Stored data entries
********************

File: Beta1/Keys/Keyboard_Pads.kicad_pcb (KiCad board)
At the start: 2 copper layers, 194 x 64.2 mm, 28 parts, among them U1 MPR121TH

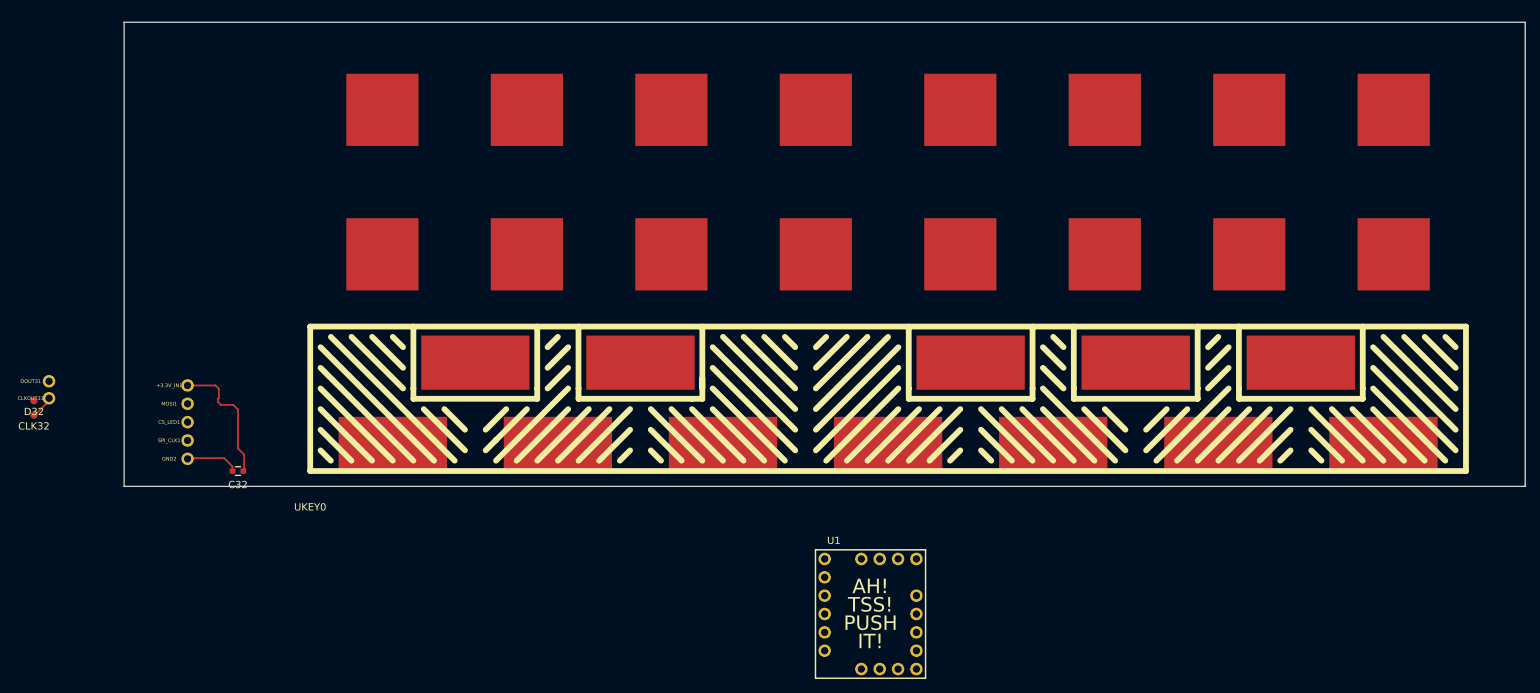
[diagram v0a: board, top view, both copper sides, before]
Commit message: Finished placement and routing of 1/2 Height Keypads. Ready to export.
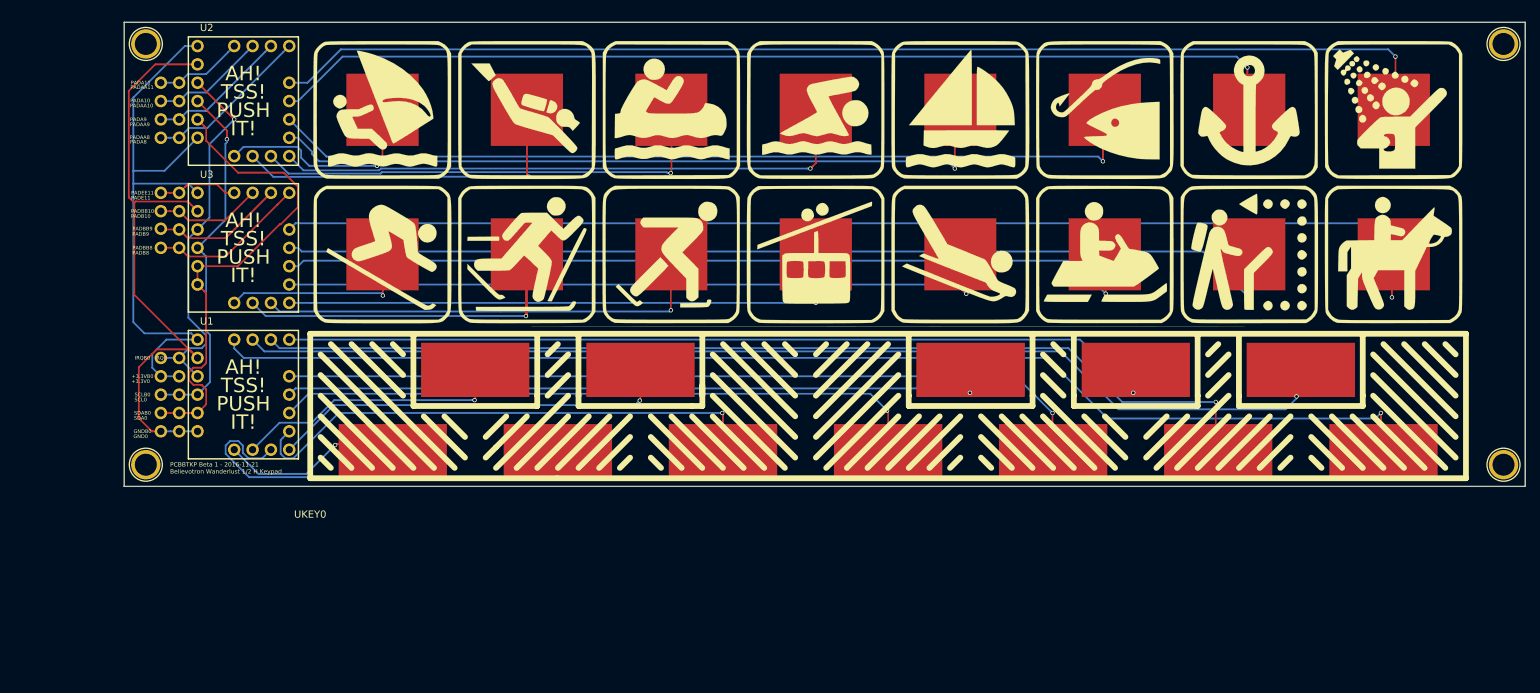
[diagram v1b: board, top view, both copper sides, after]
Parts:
- removed +3.3V_IN1, CLKOUT31, CS_LED1, DOUT31, GND2, MOSI1, SPI_CLK1: CONN_01X01, Liberry:single_0.1
- removed C32: 0.1u, Capacitors_SMD:C_0603
- removed CLK32, D32: CONN_01X01, Liberry:TESTPAD
- added +3.3V0: CONN_01X01, Liberry:single_0.1, F.Cu at (7.62, -15.2)
- added +3.3VB0: CONN_01X01, Liberry:single_0.1, F.Cu at (5.08, -15.2)
- added G***: LOGO, Liberry:Adventure_Icons_8x2_160x40, F.Cu at (105.8, -42.1)
- added GND0: CONN_01X01, Liberry:single_0.1, F.Cu at (7.62, -7.62)
- added GNDB0: CONN_01X01, Liberry:single_0.1, F.Cu at (5.08, -7.62)
- added IRQ0: CONN_01X01, Liberry:single_0.1, F.Cu at (7.62, -17.8)
- added IRQB0: CONN_01X01, Liberry:single_0.1, F.Cu at (5.08, -17.8)
- added PADA10: CONN_01X01, Liberry:single_0.1, F.Cu at (5.08, -53.3)
- added PADA11: CONN_01X01, Liberry:single_0.1, F.Cu at (5.08, -55.9)
- added PADA8: CONN_01X01, Liberry:single_0.1, F.Cu at (7.62, -48.3)
- added PADA9: CONN_01X01, Liberry:single_0.1, F.Cu at (5.08, -50.8)
- added PADAA10: CONN_01X01, Liberry:single_0.1, F.Cu at (7.62, -53.3)
- added PADAA11: CONN_01X01, Liberry:single_0.1, F.Cu at (7.62, -55.9)
- added PADAA8: CONN_01X01, Liberry:single_0.1, F.Cu at (5.08, -48.3)
- added PADAA9: CONN_01X01, Liberry:single_0.1, F.Cu at (7.62, -50.8)
- added PADB10: CONN_01X01, Liberry:single_0.1, F.Cu at (7.62, -38.1)
- added PADB8: CONN_01X01, Liberry:single_0.1, F.Cu at (7.62, -33.0)
- added PADB9: CONN_01X01, Liberry:single_0.1, F.Cu at (7.62, -35.6)
- added PADBB10: CONN_01X01, Liberry:single_0.1, F.Cu at (5.08, -38.1)
- added PADBB8: CONN_01X01, Liberry:single_0.1, F.Cu at (5.08, -33.0)
- added PADBB9: CONN_01X01, Liberry:single_0.1, F.Cu at (5.08, -35.7)
- added PADE11: CONN_01X01, Liberry:single_0.1, F.Cu at (7.62, -40.6)
- added PADEE11: CONN_01X01, Liberry:single_0.1, F.Cu at (5.08, -40.6)
- added REF**: 1pin, Connect:1pin, F.Cu at (3.00, -3.00)
- added REF**: 1pin, Connect:1pin, F.Cu at (3.00, -61.2)
- added REF**: 1pin, Connect:1pin, F.Cu at (191.0, -61.2)
- added REF**: 1pin, Connect:1pin, F.Cu at (191.0, -3.00)
- added SCL0: CONN_01X01, Liberry:single_0.1, F.Cu at (7.62, -12.7)
- added SCLB0: CONN_01X01, Liberry:single_0.1, F.Cu at (5.08, -12.7)
- added SDA0: CONN_01X01, Liberry:single_0.1, F.Cu at (7.62, -10.2)
- added SDAB0: CONN_01X01, Liberry:single_0.1, F.Cu at (5.08, -10.2)
- added U2: MPR121TH, Liberry:MPR121TH, F.Cu at (10.2, -61.0)
- added U3: MPR121TH, Liberry:MPR121TH, F.Cu at (10.2, -40.6)
- moved U1 92.0 mm to (10.2, -20.3)
- moved UKEY0 1.00 mm to (25.8, -1.12)
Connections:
- U1 pad ADDR: Net-(U1-PadADDR) -> GND
- U1 pad GND: Net-(U1-PadGND) -> GND
- U1 pad IRQ: Net-(U1-PadIRQ) -> /IRQ
- U1 pad SCL: Net-(U1-PadSCL) -> /SCL
- U1 pad SDA: Net-(U1-PadSDA) -> /SDA
- UKEY0 pad 1: Net-(UKEY0-Pad1) -> Net-(U1-PadP00)
- UKEY0 pad 10: Net-(UKEY0-Pad10) -> Net-(U1-PadP09)
- UKEY0 pad 11: Net-(UKEY0-Pad11) -> Net-(U1-PadP10)
- UKEY0 pad 12: Net-(UKEY0-Pad12) -> Net-(U1-PadP11)
- UKEY0 pad 2: Net-(UKEY0-Pad2) -> Net-(U1-PadP01)
- UKEY0 pad 3: Net-(UKEY0-Pad3) -> Net-(U1-PadP02)
- UKEY0 pad 4: Net-(UKEY0-Pad4) -> Net-(U1-PadP03)
- UKEY0 pad 5: Net-(UKEY0-Pad5) -> Net-(U1-PadP04)
- UKEY0 pad 6: Net-(UKEY0-Pad6) -> Net-(U1-PadP05)
- UKEY0 pad 7: Net-(UKEY0-Pad7) -> Net-(U1-PadP06)
- UKEY0 pad 8: Net-(UKEY0-Pad8) -> Net-(U1-PadP07)
- UKEY0 pad 9: Net-(UKEY0-Pad9) -> Net-(U1-PadP08)
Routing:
- net Net-(U1-PadP11): track 0.00 -> 168.7 mm, vias 0 -> 1
- net /PAD107: track 0.00 -> 167.2 mm, vias 0 -> 1
- net /PAD7: track 0.00 -> 162.9 mm, vias 0 -> 1
- net Net-(U1-PadP10): track 0.00 -> 154.3 mm, vias 0 -> 1
- net /PAD106: track 0.00 -> 142.0 mm, vias 0 -> 1
- net /PAD6: track 0.00 -> 141.8 mm, vias 0 -> 1
- net Net-(U1-PadP09): track 0.00 -> 140.3 mm, vias 0 -> 1
- net Net-(U1-PadP08): track 0.00 -> 124.2 mm, vias 0 -> 1
- net /PAD5: track 0.00 -> 122.3 mm, vias 0 -> 1
- net /PAD105: track 0.00 -> 120.7 mm, vias 0 -> 1
- net Net-(U1-PadP07): track 0.00 -> 112.1 mm, vias 0 -> 1
- net /PAD4: track 0.00 -> 102.5 mm, vias 0 -> 1
- net /PAD104: track 0.00 -> 100.0 mm, vias 0 -> 1
- net Net-(U1-PadP06): track 0.00 -> 99.1 mm, vias 0 -> 1
- net Net-(U1-PadP05): track 0.00 -> 89.5 mm, vias 0 -> 1
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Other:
- board text added: "PCBBTKP Beta 1 - 2016-11-21 Believotron Wanderlust 1/2 H Keypad"

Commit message: Catchup Commit.  Non-atomic, Refactored LED, Keyboard, KeyPAD, and Knobs PCBs
LED: Changed chips. Cleaned up silkscreen text. Added some support
mounting holes. Shrank height of board to avoid stackup. KeyPAD is
updated with new footprint. Keyboard and Knobs are unknown.
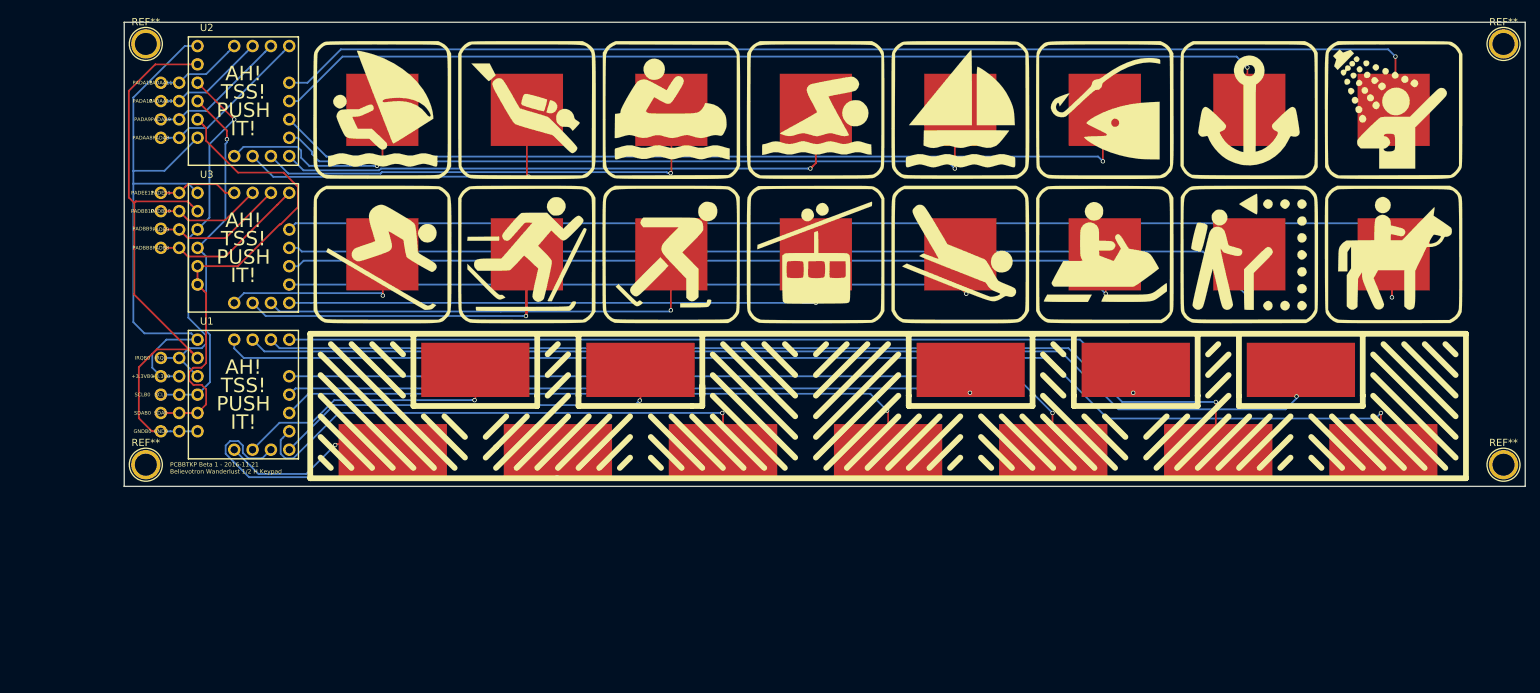
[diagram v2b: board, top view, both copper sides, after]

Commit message: Minor Fuss. Apologies.
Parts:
- removed PADA10, PADA11, PADA8, PADA9, PADAA10, PADAA11, PADAA8, PADAA9, PADB10, PADB8, PADB9, PADBB10, PADBB8, PADBB9, PADE11, PADEE11: CONN_01X01, Liberry:single_0.1
- added +3.3VA0: CONN_01X01, Liberry:single_0.1, F.Cu at (7.62, -55.9)
- added +3.3VC0: CONN_01X01, Liberry:single_0.1, F.Cu at (12.7, -55.9)
- added GNDA0: CONN_01X01, Liberry:single_0.1, F.Cu at (7.62, -45.7)
- added GNDC0: CONN_01X01, Liberry:single_0.1, F.Cu at (12.7, -45.7)
- added IRQA0: CONN_01X01, Liberry:single_0.1, F.Cu at (7.62, -53.3)
- added IRQC0: CONN_01X01, Liberry:single_0.1, F.Cu at (12.7, -53.3)
- added REF**: 1pin, Connect:1pin, F.Cu at (20.3, -2.54)
- added REF**: 1pin, Connect:1pin, F.Cu at (8.64, -39.6)
- added SCLA0: CONN_01X01, Liberry:single_0.1, F.Cu at (7.62, -48.3)
- added SCLC0: CONN_01X01, Liberry:single_0.1, F.Cu at (12.7, -48.3)
- added SDAA0: CONN_01X01, Liberry:single_0.1, F.Cu at (7.62, -50.8)
- added SDAC0: CONN_01X01, Liberry:single_0.1, F.Cu at (12.7, -50.8)
- U1, U2, U3: value MPR121TH -> MPR121OTS; footprint Liberry:MPR121TH -> Liberry:MPR121OTS
- moved U2 46.0 mm to (15.2, -15.2)
- moved +3.3VB0 41.0 mm to (10.2, -55.9)
- moved SDAB0 41.0 mm to (10.2, -50.8)
- moved +3.3V0 40.7 mm to (5.08, -55.9)
- moved SDA0 40.7 mm to (5.08, -50.8)
- moved GNDB0 38.4 mm to (10.2, -45.7)
- moved GND0 38.2 mm to (5.08, -45.7)
- moved U3 38.1 mm to (10.2, -2.54)
- moved IRQB0 35.9 mm to (10.2, -53.3)
- moved SCLB0 35.9 mm to (10.2, -48.3)
- moved IRQ0 35.7 mm to (5.08, -53.3)
- moved SCL0 35.7 mm to (5.08, -48.3)
- moved U1 14.4 mm to (20.3, -30.5)
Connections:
- PAD100 pad 1: /PAD100 -> Net-(PAD100-Pad1)
- PAD101 pad 1: /PAD101 -> Net-(PAD101-Pad1)
- PAD102 pad 1: /PAD102 -> Net-(PAD102-Pad1)
- PAD103 pad 1: /PAD103 -> Net-(PAD103-Pad1)
- PAD104 pad 1: /PAD104 -> Net-(PAD104-Pad1)
- PAD105 pad 1: /PAD105 -> Net-(PAD105-Pad1)
- PAD106 pad 1: /PAD106 -> Net-(PAD106-Pad1)
- PAD107 pad 1: /PAD107 -> Net-(PAD107-Pad1)
- U1 pad P00: Net-(U1-PadP00) -> /PAD0
- U1 pad P01: Net-(U1-PadP01) -> /PAD1
- U1 pad P02: Net-(U1-PadP02) -> /PAD2
- U1 pad P03: Net-(U1-PadP03) -> /PAD3
- U1 pad P04: Net-(U1-PadP04) -> /PAD4
- U1 pad P05: Net-(U1-PadP05) -> /PAD5
- U1 pad P06: Net-(U1-PadP06) -> /PAD6
- U1 pad P07: Net-(U1-PadP07) -> /PAD7
- U2 pad P00: /PAD0 -> Net-(PAD100-Pad1)
- U2 pad P01: /PAD1 -> Net-(PAD101-Pad1)
- U2 pad P02: /PAD2 -> Net-(PAD102-Pad1)
- U2 pad P03: /PAD3 -> Net-(PAD103-Pad1)
- U2 pad P04: /PAD4 -> Net-(PAD104-Pad1)
- U2 pad P05: /PAD5 -> Net-(PAD105-Pad1)
- U2 pad P06: /PAD6 -> Net-(PAD106-Pad1)
- U2 pad P07: /PAD7 -> Net-(PAD107-Pad1)
- U3 pad P00: /PAD100 -> Net-(U3-PadP00)
- U3 pad P01: /PAD101 -> Net-(U3-PadP01)
- U3 pad P02: /PAD102 -> Net-(U3-PadP02)
- U3 pad P03: /PAD103 -> Net-(U3-PadP03)
- U3 pad P04: /PAD104 -> Net-(U3-PadP04)
- U3 pad P05: /PAD105 -> Net-(U3-PadP05)
- U3 pad P06: /PAD106 -> Net-(U3-PadP06)
- U3 pad P07: /PAD107 -> Net-(U3-PadP07)
- U3 pad P08: Net-(PADB8-Pad1) -> Net-(U3-PadP08)
- U3 pad P09: Net-(PADB9-Pad1) -> Net-(U3-PadP09)
- U3 pad P10: Net-(PADB10-Pad1) -> Net-(U3-PadP10)
- U3 pad P11: Net-(PADE11-Pad1) -> Net-(U3-PadP11)
- UKEY0 pad 1: Net-(U1-PadP00) -> Net-(U3-PadP00)
- UKEY0 pad 10: Net-(U1-PadP09) -> Net-(U3-PadP09)
- UKEY0 pad 11: Net-(U1-PadP10) -> Net-(U3-PadP10)
- UKEY0 pad 12: Net-(U1-PadP11) -> Net-(U3-PadP11)
- UKEY0 pad 2: Net-(U1-PadP01) -> Net-(U3-PadP01)
- UKEY0 pad 3: Net-(U1-PadP02) -> Net-(U3-PadP02)
- UKEY0 pad 4: Net-(U1-PadP03) -> Net-(U3-PadP03)
- UKEY0 pad 5: Net-(U1-PadP04) -> Net-(U3-PadP04)
- UKEY0 pad 6: Net-(U1-PadP05) -> Net-(U3-PadP05)
- UKEY0 pad 7: Net-(U1-PadP06) -> Net-(U3-PadP06)
- UKEY0 pad 8: Net-(U1-PadP07) -> Net-(U3-PadP07)
- UKEY0 pad 9: Net-(U1-PadP08) -> Net-(U3-PadP08)
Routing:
- net Net-(PAD107-Pad1): track 0.00 -> 183.6 mm, vias 0 -> 1
- net Net-(U3-PadP11): track 0.00 -> 178.9 mm, vias 0 -> 1
- net Net-(U1-PadP11): track 168.7 -> 0.00 mm, vias 1 -> 0
- net /PAD107: track 167.2 -> 0.00 mm, vias 1 -> 0
- net Net-(U3-PadP10): track 0.00 -> 160.6 mm, vias 0 -> 1
- net Net-(U3-PadP09): track 0.00 -> 154.7 mm, vias 0 -> 1
- net Net-(U1-PadP10): track 154.3 -> 0.00 mm, vias 1 -> 0
- net Net-(PAD106-Pad1): track 0.00 -> 152.8 mm, vias 0 -> 1
- net /PAD106: track 142.0 -> 0.00 mm, vias 1 -> 0
- net Net-(U1-PadP09): track 140.3 -> 0.00 mm, vias 1 -> 0
- net Net-(U3-PadP08): track 0.00 -> 140.0 mm, vias 0 -> 1
- net Net-(U3-PadP07): track 0.00 -> 129.0 mm, vias 0 -> 1
- net Net-(PAD105-Pad1): track 0.00 -> 127.7 mm, vias 0 -> 1
- net Net-(U1-PadP08): track 124.2 -> 0.00 mm, vias 1 -> 0
- net /PAD105: track 120.7 -> 0.00 mm, vias 1 -> 0
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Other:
- board size 194 x 64.2 mm -> 194 x 64 mm
- board text added: "Once upon a time, there was a you, and you made the most beautiful frequencies. The darkness-at-the-end-of-the-universe quakes in agony at the beauty it will miss when your vibrations and their effects cease their joyful excitations."
- board text added: "PCBBTKP Beta 1 - 2016-12-20 Believotron Wanderlust 1/2 H Keypad"
- board text removed: "PCBBTKP Beta 1 - 2016-11-21 Believotron Wanderlust 1/2 H Keypad"

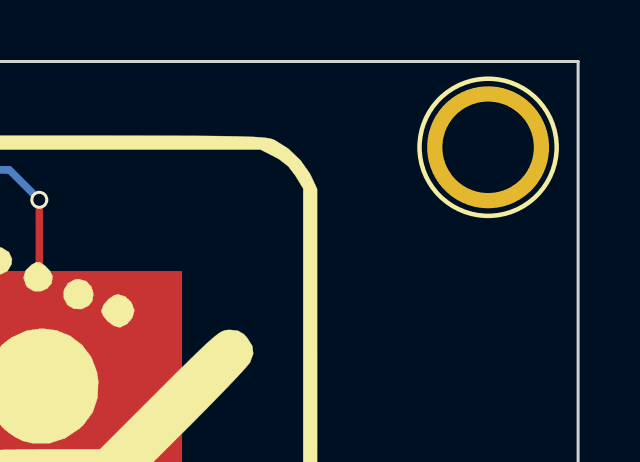
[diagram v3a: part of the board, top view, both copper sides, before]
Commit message: Moved mounting hole in by 2.54 mm to see if it would work.
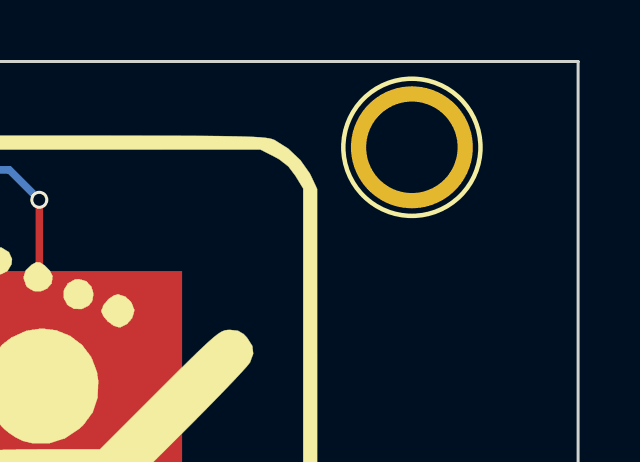
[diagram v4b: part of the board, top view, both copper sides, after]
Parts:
- moved REF** 2.54 mm to (188.4, -61.2)
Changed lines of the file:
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@@
     (links 46)
     (no_connects 0)
-    (area -0.050001 -64.160001 194.010001 -0.089999)
+    (area -0.050001 -65.273 194.010001 7.95)
     (thickness 1.6)
     (drawings 19)
@@
   )
   (module Connect:1pin (layer F.Cu)
-    (at 190.96 -61.25)
+    (at 188.42 -61.25)
     (descr "module 1 pin (ou trou mecanique de percage)")
     (tags DEV)

********************

**What you should do**
Among the lines above, repeat exactly those from the line with "- added PADAA8: CONN_01X01, Liberry:single_0.1, F.Cu" to the line with "- added PADBB9: CONN_01X01, Liberry:single_0.1, F.Cu", counting both ends.

**Answer space**
- added PADAA8: CONN_01X01, Liberry:single_0.1, F.Cu at (5.08, -48.3)
- added PADAA9: CONN_01X01, Liberry:single_0.1, F.Cu at (7.62, -50.8)
- added PADB10: CONN_01X01, Liberry:single_0.1, F.Cu at (7.62, -38.1)
- added PADB8: CONN_01X01, Liberry:single_0.1, F.Cu at (7.62, -33.0)
- added PADB9: CONN_01X01, Liberry:single_0.1, F.Cu at (7.62, -35.6)
- added PADBB10: CONN_01X01, Liberry:single_0.1, F.Cu at (5.08, -38.1)
- added PADBB8: CONN_01X01, Liberry:single_0.1, F.Cu at (5.08, -33.0)
- added PADBB9: CONN_01X01, Liberry:single_0.1, F.Cu at (5.08, -35.7)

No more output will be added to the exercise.